◆ WHAT YOU WILL DO: Within the entries below, find the portion that opens with the line containing "doc.units = 0" and closes with the line containing "msp = doc.modelspace()". Retype that portion exactly and only.

MATERIAL SUPPLIED Start Marker

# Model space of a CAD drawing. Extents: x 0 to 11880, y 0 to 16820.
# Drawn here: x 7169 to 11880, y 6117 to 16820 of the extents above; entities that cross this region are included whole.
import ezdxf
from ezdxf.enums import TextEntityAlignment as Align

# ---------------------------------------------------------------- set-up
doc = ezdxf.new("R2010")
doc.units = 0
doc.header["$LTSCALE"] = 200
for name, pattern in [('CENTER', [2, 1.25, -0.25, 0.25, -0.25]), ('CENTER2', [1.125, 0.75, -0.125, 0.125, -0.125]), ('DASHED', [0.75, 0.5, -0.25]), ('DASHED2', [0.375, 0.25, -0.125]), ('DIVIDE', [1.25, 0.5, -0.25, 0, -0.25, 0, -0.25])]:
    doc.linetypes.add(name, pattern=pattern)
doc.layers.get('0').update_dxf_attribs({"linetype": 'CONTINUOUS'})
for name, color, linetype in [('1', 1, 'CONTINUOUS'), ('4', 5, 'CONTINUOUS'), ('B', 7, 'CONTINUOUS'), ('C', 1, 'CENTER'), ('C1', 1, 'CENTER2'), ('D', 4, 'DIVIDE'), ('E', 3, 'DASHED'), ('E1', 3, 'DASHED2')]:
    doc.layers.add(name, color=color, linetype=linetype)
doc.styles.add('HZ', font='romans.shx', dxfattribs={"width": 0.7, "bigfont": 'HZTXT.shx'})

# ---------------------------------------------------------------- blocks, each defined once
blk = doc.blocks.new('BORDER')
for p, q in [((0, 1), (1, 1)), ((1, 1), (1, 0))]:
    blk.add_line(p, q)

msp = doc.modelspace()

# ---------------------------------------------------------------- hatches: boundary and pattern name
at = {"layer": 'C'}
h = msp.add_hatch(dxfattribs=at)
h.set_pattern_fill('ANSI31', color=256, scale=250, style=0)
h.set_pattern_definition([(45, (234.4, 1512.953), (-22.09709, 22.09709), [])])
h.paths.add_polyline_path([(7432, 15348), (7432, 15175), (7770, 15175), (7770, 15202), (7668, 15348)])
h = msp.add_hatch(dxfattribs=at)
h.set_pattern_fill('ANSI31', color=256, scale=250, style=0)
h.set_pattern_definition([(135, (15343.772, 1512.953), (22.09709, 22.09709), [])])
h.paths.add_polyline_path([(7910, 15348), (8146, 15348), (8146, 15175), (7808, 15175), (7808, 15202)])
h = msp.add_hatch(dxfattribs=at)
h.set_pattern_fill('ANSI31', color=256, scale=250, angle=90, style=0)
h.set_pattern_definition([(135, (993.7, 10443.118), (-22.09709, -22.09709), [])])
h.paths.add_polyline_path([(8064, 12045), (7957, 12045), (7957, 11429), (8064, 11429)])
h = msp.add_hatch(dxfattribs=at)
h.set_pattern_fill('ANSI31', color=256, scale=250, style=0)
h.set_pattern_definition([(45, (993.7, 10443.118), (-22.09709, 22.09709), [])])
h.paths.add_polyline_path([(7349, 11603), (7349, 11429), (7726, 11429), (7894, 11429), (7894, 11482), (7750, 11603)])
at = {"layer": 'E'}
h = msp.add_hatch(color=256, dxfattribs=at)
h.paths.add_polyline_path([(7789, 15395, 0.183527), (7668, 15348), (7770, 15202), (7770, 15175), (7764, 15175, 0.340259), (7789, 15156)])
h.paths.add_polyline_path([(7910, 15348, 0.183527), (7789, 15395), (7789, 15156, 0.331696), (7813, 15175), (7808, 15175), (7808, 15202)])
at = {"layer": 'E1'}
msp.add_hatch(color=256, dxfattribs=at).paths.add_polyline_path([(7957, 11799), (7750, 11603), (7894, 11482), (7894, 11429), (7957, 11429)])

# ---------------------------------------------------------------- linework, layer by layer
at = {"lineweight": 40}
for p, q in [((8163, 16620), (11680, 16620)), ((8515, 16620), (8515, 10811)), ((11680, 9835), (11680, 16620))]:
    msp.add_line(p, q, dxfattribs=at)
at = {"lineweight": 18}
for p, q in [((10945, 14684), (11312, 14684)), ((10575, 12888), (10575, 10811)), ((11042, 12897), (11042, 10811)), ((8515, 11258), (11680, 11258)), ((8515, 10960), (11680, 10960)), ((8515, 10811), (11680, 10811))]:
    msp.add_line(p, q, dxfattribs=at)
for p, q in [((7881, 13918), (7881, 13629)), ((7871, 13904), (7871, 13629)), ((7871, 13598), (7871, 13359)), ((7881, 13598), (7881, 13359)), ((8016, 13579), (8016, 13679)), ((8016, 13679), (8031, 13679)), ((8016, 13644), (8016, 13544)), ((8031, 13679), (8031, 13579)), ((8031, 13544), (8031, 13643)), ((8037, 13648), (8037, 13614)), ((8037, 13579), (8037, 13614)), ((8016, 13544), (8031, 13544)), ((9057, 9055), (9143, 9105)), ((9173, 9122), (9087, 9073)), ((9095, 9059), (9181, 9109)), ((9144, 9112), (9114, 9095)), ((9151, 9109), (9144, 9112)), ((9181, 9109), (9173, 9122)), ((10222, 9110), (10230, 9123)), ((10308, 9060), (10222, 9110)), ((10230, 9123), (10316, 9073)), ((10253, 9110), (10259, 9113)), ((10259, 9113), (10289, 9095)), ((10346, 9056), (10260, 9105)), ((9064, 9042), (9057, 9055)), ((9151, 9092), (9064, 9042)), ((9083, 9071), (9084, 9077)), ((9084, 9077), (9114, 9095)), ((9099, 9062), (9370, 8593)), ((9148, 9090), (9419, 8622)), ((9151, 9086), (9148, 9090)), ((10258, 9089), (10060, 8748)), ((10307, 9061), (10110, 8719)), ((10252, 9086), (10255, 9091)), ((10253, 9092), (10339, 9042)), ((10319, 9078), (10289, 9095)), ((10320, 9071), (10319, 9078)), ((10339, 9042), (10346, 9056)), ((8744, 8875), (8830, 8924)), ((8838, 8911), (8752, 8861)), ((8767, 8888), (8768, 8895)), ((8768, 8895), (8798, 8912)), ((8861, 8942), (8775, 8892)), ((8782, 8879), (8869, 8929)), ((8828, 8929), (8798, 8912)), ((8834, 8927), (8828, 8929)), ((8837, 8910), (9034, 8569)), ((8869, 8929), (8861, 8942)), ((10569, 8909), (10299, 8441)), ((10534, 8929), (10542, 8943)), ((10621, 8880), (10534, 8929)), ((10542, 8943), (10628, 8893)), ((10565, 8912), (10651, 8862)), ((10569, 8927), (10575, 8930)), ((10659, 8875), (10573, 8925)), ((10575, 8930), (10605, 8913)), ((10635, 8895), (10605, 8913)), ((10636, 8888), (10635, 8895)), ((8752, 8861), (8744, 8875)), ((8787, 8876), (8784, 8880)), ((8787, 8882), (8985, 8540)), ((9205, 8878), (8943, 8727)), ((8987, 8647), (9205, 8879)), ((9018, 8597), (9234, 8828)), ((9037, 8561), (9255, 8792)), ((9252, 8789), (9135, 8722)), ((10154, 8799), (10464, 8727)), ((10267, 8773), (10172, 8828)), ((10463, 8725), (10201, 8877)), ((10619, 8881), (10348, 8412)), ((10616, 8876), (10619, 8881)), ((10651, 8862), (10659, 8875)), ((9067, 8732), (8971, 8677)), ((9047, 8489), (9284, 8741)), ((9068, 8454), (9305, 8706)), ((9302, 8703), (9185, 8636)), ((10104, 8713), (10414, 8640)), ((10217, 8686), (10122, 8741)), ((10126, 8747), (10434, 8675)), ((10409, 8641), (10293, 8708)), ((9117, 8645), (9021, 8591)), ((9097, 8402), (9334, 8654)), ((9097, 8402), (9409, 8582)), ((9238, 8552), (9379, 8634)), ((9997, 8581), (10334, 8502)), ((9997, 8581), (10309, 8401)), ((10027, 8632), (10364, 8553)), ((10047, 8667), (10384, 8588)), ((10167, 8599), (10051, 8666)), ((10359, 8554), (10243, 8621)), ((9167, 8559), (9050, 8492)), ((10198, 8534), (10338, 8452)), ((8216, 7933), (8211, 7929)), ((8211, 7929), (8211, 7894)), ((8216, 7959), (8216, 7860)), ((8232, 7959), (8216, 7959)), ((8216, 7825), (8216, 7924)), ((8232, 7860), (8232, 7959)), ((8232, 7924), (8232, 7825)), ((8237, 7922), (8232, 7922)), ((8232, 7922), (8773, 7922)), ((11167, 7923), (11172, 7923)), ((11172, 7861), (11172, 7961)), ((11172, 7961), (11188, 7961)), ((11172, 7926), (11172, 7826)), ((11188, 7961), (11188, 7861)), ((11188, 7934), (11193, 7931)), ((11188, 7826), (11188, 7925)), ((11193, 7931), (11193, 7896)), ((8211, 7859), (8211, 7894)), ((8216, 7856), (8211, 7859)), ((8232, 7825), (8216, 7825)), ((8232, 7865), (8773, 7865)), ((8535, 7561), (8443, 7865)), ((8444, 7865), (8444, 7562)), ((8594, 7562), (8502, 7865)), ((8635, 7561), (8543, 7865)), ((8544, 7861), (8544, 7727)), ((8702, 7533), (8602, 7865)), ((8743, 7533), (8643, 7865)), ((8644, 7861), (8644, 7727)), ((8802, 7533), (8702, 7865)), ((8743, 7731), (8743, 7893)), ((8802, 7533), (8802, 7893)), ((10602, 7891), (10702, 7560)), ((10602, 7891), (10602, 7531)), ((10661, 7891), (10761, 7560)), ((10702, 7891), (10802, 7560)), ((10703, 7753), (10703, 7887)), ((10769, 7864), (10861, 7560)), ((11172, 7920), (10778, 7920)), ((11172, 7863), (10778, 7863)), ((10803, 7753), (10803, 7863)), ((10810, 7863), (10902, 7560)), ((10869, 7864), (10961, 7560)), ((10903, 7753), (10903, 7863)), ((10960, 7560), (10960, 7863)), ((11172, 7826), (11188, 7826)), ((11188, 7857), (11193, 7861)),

MATERIAL SUPPLIED End Marker

◆ THE ANSWER:
doc.units = 0
doc.header["$LTSCALE"] = 200
for name, pattern in [('CENTER', [2, 1.25, -0.25, 0.25, -0.25]), ('CENTER2', [1.125, 0.75, -0.125, 0.125, -0.125]), ('DASHED', [0.75, 0.5, -0.25]), ('DASHED2', [0.375, 0.25, -0.125]), ('DIVIDE', [1.25, 0.5, -0.25, 0, -0.25, 0, -0.25])]:
    doc.linetypes.add(name, pattern=pattern)
doc.layers.get('0').update_dxf_attribs({"linetype": 'CONTINUOUS'})
for name, color, linetype in [('1', 1, 'CONTINUOUS'), ('4', 5, 'CONTINUOUS'), ('B', 7, 'CONTINUOUS'), ('C', 1, 'CENTER'), ('C1', 1, 'CENTER2'), ('D', 4, 'DIVIDE'), ('E', 3, 'DASHED'), ('E1', 3, 'DASHED2')]:
    doc.layers.add(name, color=color, linetype=linetype)
doc.styles.add('HZ', font='romans.shx', dxfattribs={"width": 0.7, "bigfont": 'HZTXT.shx'})

# ---------------------------------------------------------------- blocks, each defined once
blk = doc.blocks.new('BORDER')
for p, q in [((0, 1), (1, 1)), ((1, 1), (1, 0))]:
    blk.add_line(p, q)

msp = doc.modelspace()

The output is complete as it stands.